El término filogenia, en esta obra, alude a la evolución del corazón a los largo de las especies. Si bien en la actualidad no existen representantes reales de la evolución, se estudian sucesivamente: peces, anfibios, reptiles, aves y mamíferos. El objetivo es interpretar como se pasa de un corazón tubular único y dos bombas trabajando en serie. Si bien existen argumentos, al menos conflictivos, se puede concluir que la embriología sigue a la filogenia.
Existe acuerdo general que la vida sobre la tierra comenzó en el agua. Los primeros organismos oligocelulares, aunque con una capacidad de evolución infinita, eran de una simplicidad tal que meramente eran "bañados" por su fluido interno y eso era suficiente para satisfacer sus necesidades metabólicas. Este líquido varía según los diferentes tipos de invertebrados. El tipo de circulación más simple en aquellos seres era el sistema abierto, el en cual la bomba que representaba su corazón enviaba el fluido por vasos hacia los tejidos la cual regresaba por conductos no sistematizados. Sin embargo, como gran parte de estos especímenes eran celomados (poseían cavidades), tenían un sistema de vasos cerrado que lograban hacerlos circular, sea por la sola movilidad corporal como algunos nematodos actuales (gusanos cilíndricos), sea por la contracción rítmica de sus vasos, como los gusanos anélidos de la actualidad.
Con el aumento del tamaño corporal, algunos sectores del sistema vascular evolucionaron hacia un tubo sacular. Una constante en casi todos los vertebrados es un doble sistema arterial: uno dorsal y el otro ventral. Casi invariablemente el tubo cardíaco evoluciona en el sector ventro craneal y la dirección de la circulación es de la cola a la cabeza (caudo-cefálica), donde la sangre regresa del cuerpo a una cavidad (seno venoso-aurícula) y pasa a otra
muscular (ventrículo), que la impulsa por un tronco de salida hacia un sistema de oxigenación, el mas primitivo de los cuales son las branquias.
Pero, ¿cuál fue el evento crítico que refleja la utilidad de la compleja tabicación y división del corazón desde un tubo único (con algunas funciones específicas que ya veremos) hasta el órgano exquisitamente desarrollado que estudiamos en el “homo” adulto? Sin dudas ha sido el paso a la tierra y el desarrollo de la respiración pulmonar. Esta adaptación se cree que ocurrió en el período Devónico de la Era Paleozoica (un periodo que comprende 50 o 60 millones de años) hace 300 millones de años.

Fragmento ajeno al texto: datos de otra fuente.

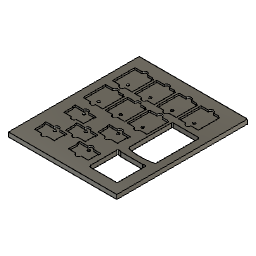
Pokemon_Shadow_Box_v12 (Autodesk Fusion 360 design; units mm, degrees)
Autodesk Fusion 360 part; units mm, degrees
note: some values were not read from the file. Set by a fixed rule: which sketch regions a step uses.
sketch "Sketch1" plane through (0, 0, 0) normal (0, 0, 1) x (1, 0, 0)
  line L0 (88.3497, -250.444) -> (31.4537, -250.444)
  line L1 (90.3975, -215.9) -> (90.3975, -223.012)
  line L2 (29.4058, -223.012) -> (29.4058, -215.9)
  line L3 (90.6515, -223.266) -> (88.6037, -223.266)
  line L4 (88.3497, -223.012) -> (88.3497, -250.444)
  line L5 (31.4537, -223.012) -> (29.4058, -223.012)
  circle A0 centre (59.9017, -215.9) radius 7.62
  line L6 (29.1518, -223.266) -> (29.1518, -215.646)
  line L7 (90.6515, -215.646) -> (90.6515, -223.266)
  line L8 (31.1997, -223.266) -> (29.1518, -223.266)
  line L9 (31.4537, -250.444) -> (31.4537, -223.012)
  line L10 (29.4058, -215.9) -> (90.3975, -215.9)
  line L11 (88.6037, -250.698) -> (31.1997, -250.698)
  line L12 (88.6037, -223.266) -> (88.6037, -250.698)
  circle A1 centre (59.9017, -250.444) radius 7.62
  line L13 (31.1997, -250.698) -> (31.1997, -223.266)
  line L14 (90.3975, -223.012) -> (88.3497, -223.012)
  line L15 (29.1518, -215.646) -> (90.6515, -215.646)
  circle A2 centre (59.9017, -220.2498) radius 3.9688
  line L16 (79.2575, -99.8855) -> (21.8535, -99.8855)
  line L17 (74.1775, -37.4015) -> (74.1775, -34.3535)
  line L18 (22.1075, -34.6075) -> (73.9235, -34.6075)
  line L19 (79.2575, -37.4015) -> (74.1775, -37.4015)
  line L20 (21.8535, -99.8855) -> (21.8535, -34.3535)
  line L21 (79.2575, -37.4015) -> (79.2575, -99.8855)
  line L22 (21.8535, -34.3535) -> (74.1775, -34.3535)
  line L23 (79.0035, -37.6555) -> (73.9235, -37.6555)
  line L24 (79.0035, -99.6315) -> (22.1075, -99.6315)
  line L25 (22.1075, -99.6315) -> (22.1075, -34.6075)
  line L26 (73.9235, -37.6555) -> (73.9235, -34.6075)
  circle A3 centre (50.5555, -83.1215) radius 3.9688
  line L27 (79.0035, -37.6555) -> (79.0035, -99.6315)
  line L28 (150.7458, -120.6182) -> (150.7458, -184.9755)
  line L29 (200.5298, -180.1495) -> (200.5298, -141.5415) construction
  line L30 (150.4918, -185.2295) -> (207.8958, -185.2295)
  line L31 (157.8578, -141.5415) -> (157.8578, -180.1495) construction
  arc A4 (207.8958, -120.3737) -> (150.4918, -120.3737) centre (179.1938, -870.0785) ccw
  line L32 (207.6418, -184.9755) -> (207.6418, -120.6182)
  line L33 (157.8578, -180.1495) -> (200.5298, -180.1495) construction
  line L34 (207.8958, -185.2295) -> (207.8958, -120.3737)
  line L35 (150.7458, -184.9755) -> (207.6418, -184.9755)
  line L36 (200.5298, -141.5415) -> (157.8578, -141.5415) construction
  circle A5 centre (179.1938, -168.4655) radius 3.9688
  line L37 (150.4918, -120.3737) -> (150.4918, -185.2295)
  arc A6 (207.6418, -120.6182) -> (150.7458, -120.6182) centre (179.1938, -870.0785) ccw
  line L38 (293.805, -246.2647) -> (293.805, -118.1735)
  line L39 (215.065, -118.1735) -> (215.065, -246.2647)
  arc A7 (215.065, -246.2647) -> (293.805, -246.2647) centre (254.435, -101.5235) ccw
  line L40 (276.279, -131.1275) -> (276.279, -184.9755) construction
  line L41 (293.805, -118.1735) -> (215.065, -118.1735)
  line L42 (276.279, -184.9755) -> (232.591, -184.9755) construction
  line L43 (232.591, -131.1275) -> (276.279, -131.1275) construction
  line L44 (232.591, -184.9755) -> (232.591, -131.1275) construction
  line L45 (213.1007, -267.589) -> (213.1007, -266.319)
  line L46 (286.5067, -350.647) -> (204.2107, -350.647)
  line L47 (204.2107, -350.647) -> (204.2107, -267.589)
  line L48 (204.2107, -267.589) -> (286.5067, -267.589)
  line L49 (286.5067, -266.319) -> (286.5067, -267.589)
  line L50 (286.5067, -267.589) -> (286.5067, -350.647)
  line L51 (204.2107, -267.589) -> (213.1007, -267.589)
  line L52 (245.3587, -267.589) -> (245.3587, -350.647) construction
  line L53 (204.2107, -266.319) -> (204.2107, -267.589)
  line L54 (213.1007, -266.319) -> (204.2107, -266.319)
  line L55 (277.6167, -267.589) -> (277.6167, -266.319)
  line L56 (277.6167, -266.319) -> (286.5067, -266.319)
  line L57 (0, 0) -> (315.9125, 0)
  line L58 (315.9125, 0) -> (315.9125, -381)
  line L59 (315.9125, -381) -> (0, -381)
  line L60 (0, -381) -> (0, 0)
  line L61 (301.2281, -14.2875) -> (14.6844, -14.2875)
  line L62 (14.6844, -14.2875) -> (14.6844, -366.7125)
  line L63 (14.6844, -366.7125) -> (301.2281, -366.7125)
  line L64 (301.2281, -366.7125) -> (301.2281, -14.2875)
  line L65 (143.3227, -37.6555) -> (138.2427, -37.6555)
  line L66 (86.4267, -99.6315) -> (86.4267, -34.6075)
  line L67 (143.3227, -37.6555) -> (143.3227, -99.6315)
  line L68 (138.2427, -37.6555) -> (138.2427, -34.6075)
  line L69 (86.1727, -34.3535) -> (138.4967, -34.3535)
  line L70 (143.5767, -99.8855) -> (86.1727, -99.8855)
  line L71 (138.4967, -37.4015) -> (138.4967, -34.3535)
  line L72 (143.3227, -99.6315) -> (86.4267, -99.6315)
  line L73 (86.4267, -34.6075) -> (138.2427, -34.6075)
  line L74 (86.1727, -99.8855) -> (86.1727, -34.3535)
  line L75 (143.5767, -37.4015) -> (138.4967, -37.4015)
  line L76 (143.5767, -37.4015) -> (143.5767, -99.8855)
  circle A8 centre (114.8747, -83.1215) radius 3.9688
  line L77 (207.6418, -37.6555) -> (202.5618, -37.6555)
  line L78 (150.7458, -99.6315) -> (150.7458, -34.6075)
  line L79 (207.6418, -37.6555) -> (207.6418, -99.6315)
  line L80 (202.5618, -37.6555) -> (202.5618, -34.6075)
  line L81 (150.4918, -34.3535) -> (202.8158, -34.3535)
  line L82 (207.8958, -99.8855) -> (150.4918, -99.8855)
  line L83 (202.8158, -37.4015) -> (202.8158, -34.3535)
  line L84 (207.6418, -99.6315) -> (150.7458, -99.6315)
  line L85 (150.7458, -34.6075) -> (202.5618, -34.6075)
  line L86 (150.4918, -99.8855) -> (150.4918, -34.3535)
  line L87 (207.8958, -37.4015) -> (202.8158, -37.4015)
  line L88 (207.8958, -37.4015) -> (207.8958, -99.8855)
  circle A9 centre (179.1938, -83.1215) radius 3.9688
  line L89 (79.0035, -122.9995) -> (73.9235, -122.9995)
  line L90 (22.1075, -184.9755) -> (22.1075, -119.9515)
  line L91 (79.0035, -122.9995) -> (79.0035, -184.9755)
  line L92 (73.9235, -122.9995) -> (73.9235, -119.9515)
  line L93 (21.8535, -119.6975) -> (74.1775, -119.6975)
  line L94 (79.2575, -185.2295) -> (21.8535, -185.2295)
  line L95 (74.1775, -122.7455) -> (74.1775, -119.6975)
  line L96 (79.0035, -184.9755) -> (22.1075, -184.9755)
  line L97 (22.1075, -119.9515) -> (73.9235, -119.9515)
  line L98 (21.8535, -185.2295) -> (21.8535, -119.6975)
  line L99 (79.2575, -122.7455) -> (74.1775, -122.7455)
  line L100 (79.2575, -122.7455) -> (79.2575, -185.2295)
  circle A10 centre (50.5555, -168.4655) radius 3.9688
  line L101 (136.1017, -265.938) -> (136.1017, -293.37)
  line L102 (137.8955, -258.572) -> (137.8955, -265.684)
  line L103 (76.9038, -265.684) -> (76.9038, -258.572)
  line L104 (78.9517, -265.684) -> (76.9038, -265.684)
  line L105 (135.8477, -293.116) -> (78.9517, -293.116)
  line L106 (137.8955, -265.684) -> (135.8477, -265.684)
  circle A11 centre (107.3997, -258.572) radius 7.62
  line L107 (76.6498, -258.318) -> (138.1495, -258.318)
  line L108 (136.1017, -293.37) -> (78.6977, -293.37)
  circle A12 centre (107.3997, -293.116) radius 7.62
  line L109 (76.6498, -265.938) -> (76.6498, -258.318)
  line L110 (76.9038, -258.572) -> (137.8955, -258.572)
  line L111 (78.9517, -293.116) -> (78.9517, -265.684)
  line L112 (135.8477, -265.684) -> (135.8477, -293.116)
  line L113 (78.6977, -265.938) -> (76.6498, -265.938)
  line L114 (78.6977, -293.37) -> (78.6977, -265.938)
  circle A13 centre (107.3997, -262.9217) radius 3.9688
  line L115 (138.1495, -258.318) -> (138.1495, -265.938)
  line L116 (138.1495, -265.938) -> (136.1017, -265.938)
  line L117 (271.961, -37.6555) -> (266.881, -37.6555)
  line L118 (215.065, -99.6315) -> (215.065, -34.6075)
  line L119 (271.961, -37.6555) -> (271.961, -99.6315)
  line L120 (266.881, -37.6555) -> (266.881, -34.6075)
  line L121 (214.811, -34.3535) -> (267.135, -34.3535)
  line L122 (272.215, -99.8855) -> (214.811, -99.8855)
  line L123 (267.135, -37.4015) -> (267.135, -34.3535)
  line L124 (271.961, -99.6315) -> (215.065, -99.6315)
  line L125 (215.065, -34.6075) -> (266.881, -34.6075)
  line L126 (214.811, -99.8855) -> (214.811, -34.3535)
  line L127 (272.215, -37.4015) -> (267.135, -37.4015)
  line L128 (272.215, -37.4015) -> (272.215, -99.8855)
  circle A14 centre (243.513, -83.1215) radius 3.9688
  line L129 (143.3227, -122.9995) -> (138.2427, -122.9995)
  line L130 (86.4267, -184.9755) -> (86.4267, -119.9515)
  line L131 (143.3227, -122.9995) -> (143.3227, -184.9755)
  line L132 (138.2427, -122.9995) -> (138.2427, -119.9515)
  line L133 (86.1727, -119.6975) -> (138.4967, -119.6975)
  line L134 (143.5767, -185.2295) -> (86.1727, -185.2295)
  line L135 (138.4967, -122.7455) -> (138.4967, -119.6975)
  line L136 (143.3227, -184.9755) -> (86.4267, -184.9755)
  line L137 (86.4267, -119.9515) -> (138.2427, -119.9515)
  line L138 (86.1727, -185.2295) -> (86.1727, -119.6975)
  line L139 (143.5767, -122.7455) -> (138.4967, -122.7455)
  line L140 (143.5767, -122.7455) -> (143.5767, -185.2295)
  circle A15 centre (114.8747, -168.4655) radius 3.9688
  line L141 (254.435, -251.5235) -> (254.435, -366.7125) construction
  circle A16 centre (158.9934, -215.9) radius 7.62
  line L142 (130.2914, -250.698) -> (130.2914, -223.266)
  line L143 (128.2435, -215.646) -> (189.7433, -215.646)
  circle A17 centre (158.9934, -220.2498) radius 3.9688
  line L144 (189.4893, -215.9) -> (189.4893, -223.012)
  line L145 (130.5454, -250.444) -> (130.5454, -223.012)
  line L146 (187.6954, -250.698) -> (130.2914, -250.698)
  line L147 (189.7433, -223.266) -> (187.6954, -223.266)
  line L148 (187.4414, -250.444) -> (130.5454, -250.444)
  line L149 (128.2435, -223.266) -> (128.2435, -215.646)
  line L150 (128.4975, -215.9) -> (189.4893, -215.9)
  line L151 (130.5454, -223.012) -> (128.4975, -223.012)
  line L152 (128.4975, -223.012) -> (128.4975, -215.9)
  line L153 (187.6954, -223.266) -> (187.6954, -250.698)
  line L154 (187.4414, -223.012) -> (187.4414, -250.444)
  line L155 (130.2914, -223.266) -> (128.2435, -223.266)
  line L156 (189.7433, -215.646) -> (189.7433, -223.266)
  circle A18 centre (158.9934, -250.444) radius 7.62
  line L157 (189.4893, -223.012) -> (187.4414, -223.012)
  circle A19 centre (59.9017, -301.244) radius 7.62
  line L158 (31.1997, -336.042) -> (31.1997, -308.61)
  line L159 (29.1518, -300.99) -> (90.6515, -300.99)
  circle A20 centre (59.9017, -305.5938) radius 3.9688
  line L160 (90.3975, -301.244) -> (90.3975, -308.356)
  line L161 (31.4537, -335.788) -> (31.4537, -308.356)
  line L162 (88.6037, -336.042) -> (31.1997, -336.042)
  line L163 (90.6515, -308.61) -> (88.6037, -308.61)
  line L164 (88.3497, -335.788) -> (31.4537, -335.788)
  line L165 (29.1518, -308.61) -> (29.1518, -300.99)
  line L166 (29.4058, -301.244) -> (90.3975, -301.244)
  line L167 (31.4537, -308.356) -> (29.4058, -308.356)
  line L168 (29.4058, -308.356) -> (29.4058, -301.244)
  line L169 (88.6037, -308.61) -> (88.6037, -336.042)
  line L170 (88.3497, -308.356) -> (88.3497, -335.788)
  line L171 (31.1997, -308.61) -> (29.1518, -308.61)
  line L172 (90.6515, -300.99) -> (90.6515, -308.61)
  circle A21 centre (59.9017, -335.788) radius 7.62
  line L173 (90.3975, -308.356) -> (88.3497, -308.356)
  circle A22 centre (158.9934, -301.244) radius 7.62
  line L174 (130.2914, -336.042) -> (130.2914, -308.61)
  line L175 (128.2435, -300.99) -> (189.7433, -300.99)
  circle A23 centre (158.9934, -305.5938) radius 3.9688
  line L176 (189.4893, -301.244) -> (189.4893, -308.356)
  line L177 (130.5454, -335.788) -> (130.5454, -308.356)
  line L178 (187.6954, -336.042) -> (130.2914, -336.042)
  line L179 (189.7433, -308.61) -> (187.6954, -308.61)
  line L180 (187.4414, -335.788) -> (130.5454, -335.788)
  line L181 (128.2435, -308.61) -> (128.2435, -300.99)
  line L182 (128.4975, -301.244) -> (189.4893, -301.244)
  line L183 (130.5454, -308.356) -> (128.4975, -308.356)
  line L184 (128.4975, -308.356) -> (128.4975, -301.244)
  line L185 (187.6954, -308.61) -> (187.6954, -336.042)
  line L186 (187.4414, -308.356) -> (187.4414, -335.788)
  line L187 (130.2914, -308.61) -> (128.2435, -308.61)
  line L188 (189.7433, -300.99) -> (189.7433, -308.61)
  circle A24 centre (158.9934, -335.788) radius 7.62
  line L189 (189.4893, -308.356) -> (187.4414, -308.356)
  line L190 (59.9017, -301.244) -> (59.9017, -250.444) construction
  line L191 (107.3997, -258.572) -> (107.3997, -293.116) construction
  line L192 (114.8747, -184.9755) -> (114.8747, -366.7125) construction
  circle A25 centre (50.5555, -34.6075) radius 7.62
  circle A26 centre (50.5555, -99.6315) radius 7.62
  circle A27 centre (114.8747, -34.6075) radius 7.62
  circle A28 centre (114.8747, -99.6315) radius 7.62
  circle A29 centre (179.1938, -34.6075) radius 7.62
  circle A30 centre (179.1938, -99.6315) radius 7.62
  circle A31 centre (243.513, -34.6075) radius 7.62
  circle A32 centre (243.513, -99.6315) radius 7.62
  circle A33 centre (50.5555, -119.9515) radius 7.62
  circle A34 centre (50.5555, -184.9755) radius 7.62
  circle A35 centre (114.8747, -119.9515) radius 7.62
  circle A36 centre (114.8747, -184.9755) radius 7.62
  circle A37 centre (179.1938, -119.9515) radius 7.62
  circle A38 centre (179.1938, -184.9755) radius 7.62
  arc A39 (214.811, -246.4587) -> (294.059, -246.4587) centre (254.435, -101.5235) ccw
  line L193 (294.059, -246.4587) -> (294.059, -117.9195)
  line L194 (294.059, -117.9195) -> (214.811, -117.9195)
  line L195 (214.811, -117.9195) -> (214.811, -246.4587)
  line L196 (203.9567, -267.335) -> (286.7607, -267.335)
  line L197 (286.7607, -267.335) -> (286.7607, -350.901)
  line L198 (286.7607, -350.901) -> (203.9567, -350.901)
  line L199 (203.9567, -350.901) -> (203.9567, -267.335)
  line L200 (277.3627, -267.589) -> (277.3627, -266.065)
  line L201 (277.3627, -266.065) -> (286.7607, -266.065)
  line L202 (286.7607, -266.065) -> (286.7607, -267.589)
  line L203 (203.9567, -267.843) -> (213.3547, -267.843)
  line L204 (213.3547, -267.843) -> (213.3547, -266.065)
  line L205 (213.3547, -266.065) -> (203.9567, -266.065)
  line L206 (203.9567, -266.065) -> (203.9567, -267.843)
  point P0 (59.9017, -215.9)
  point P1 (59.9017, -250.444)
  point P2 (59.9017, -216.281)
  point P3 (50.5555, -99.6315)
  point P4 (179.1938, -120.0785)
  point P5 (179.1938, -184.9755)
  point P6 (179.1938, -141.5415)
  point P7 (254.435, -251.5235)
  point P8 (254.435, -118.1735)
  point P9 (254.435, -131.1275)
  point P10 (157.9563, -366.7125)
  point P11 (157.9563, -381)
  point P12 (14.6844, -190.5)
  point P13 (0, -190.5)
  point P14 (114.8747, -99.6315)
  point P15 (179.1938, -99.6315)
  point P16 (50.5555, -184.9755)
  point P17 (107.3997, -258.572)
  point P18 (107.3997, -293.116)
  point P19 (107.3997, -258.953)
  point P20 (243.513, -99.6315)
  point P21 (114.8747, -184.9755)
  point P22 (254.435, -309.118)
  point P23 (245.3587, -309.118)
  point P24 (158.9934, -250.444)
  point P25 (158.9934, -215.9)
  point P26 (158.9934, -216.281)
  point P27 (59.9017, -335.788)
  point P28 (59.9017, -301.244)
  point P29 (59.9017, -301.625)
  point P30 (158.9934, -335.788)
  point P31 (158.9934, -301.244)
  point P32 (158.9934, -301.625)
  point P33 (107.3997, -275.844)
  point P34 (59.9017, -275.844)
  point P35 (114.8747, -275.844)
  point P36 (293.805, -34.6075)
  dimension "d2" = 56.896
  dimension "d3" = 34.544
  dimension "d4" = 7.112
  dimension "d5" = 60.9918
  dimension "d6" = 15.24
  dimension "d12" = 7.9375
  dimension "d14" = 0.254
  dimension "d15" = 65.024
  dimension "d16" = 51.816
  dimension "d17" = 61.976
  dimension "d18" = 56.896
  dimension "d19" = 7.9375
  dimension "d20" = 16.51
  dimension "d26" = 0.254
  dimension "d27" = 56.896
  dimension "d28" = 64.897
  dimension "d29" = 750
  dimension "d30" = 7.9375
  dimension "d31" = 16.51
  dimension "d36" = 43.434
  dimension "d37" = 4.826
  dimension "d38" = 7.112
  dimension "d39" = 78.74
  dimension "d40" = 150
  dimension "d41" = 133.35
  dimension "d46" = 66.802
  dimension "d47" = 12.954
  dimension "d48" = 17.526
  dimension "d49" = 82.296
  dimension "d50" = 83.058
  dimension "d51" = 84.328
  dimension "d52" = 8.89
  dimension "d53" = 315.9125
  dimension "d54" = 381
  dimension "d55" = 286.5438
  dimension "d56" = 352.425
  dimension "d59" = 64.3192
  dimension "d60" = 85.344
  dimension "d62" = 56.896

Entonces, siguiendo la evolución, se estudiarán sucesivamente, casi como ascendiendo en la escala zoológica, algunos peces (el mejor ejemplo por su antigüedad es el tiburón), los anfibios (las ranas) y los mamíferos tanto antiguos como actuales.
Si bien el actor principal de esta obra es el corazón, en este momento es necesario hacer algunas consideraciones previas en relación a la evolución del sistema arterial. Esto se debe a que la presencia de las branquias forma parte de un sistema circulatorio único y no doble como se verá más adelante.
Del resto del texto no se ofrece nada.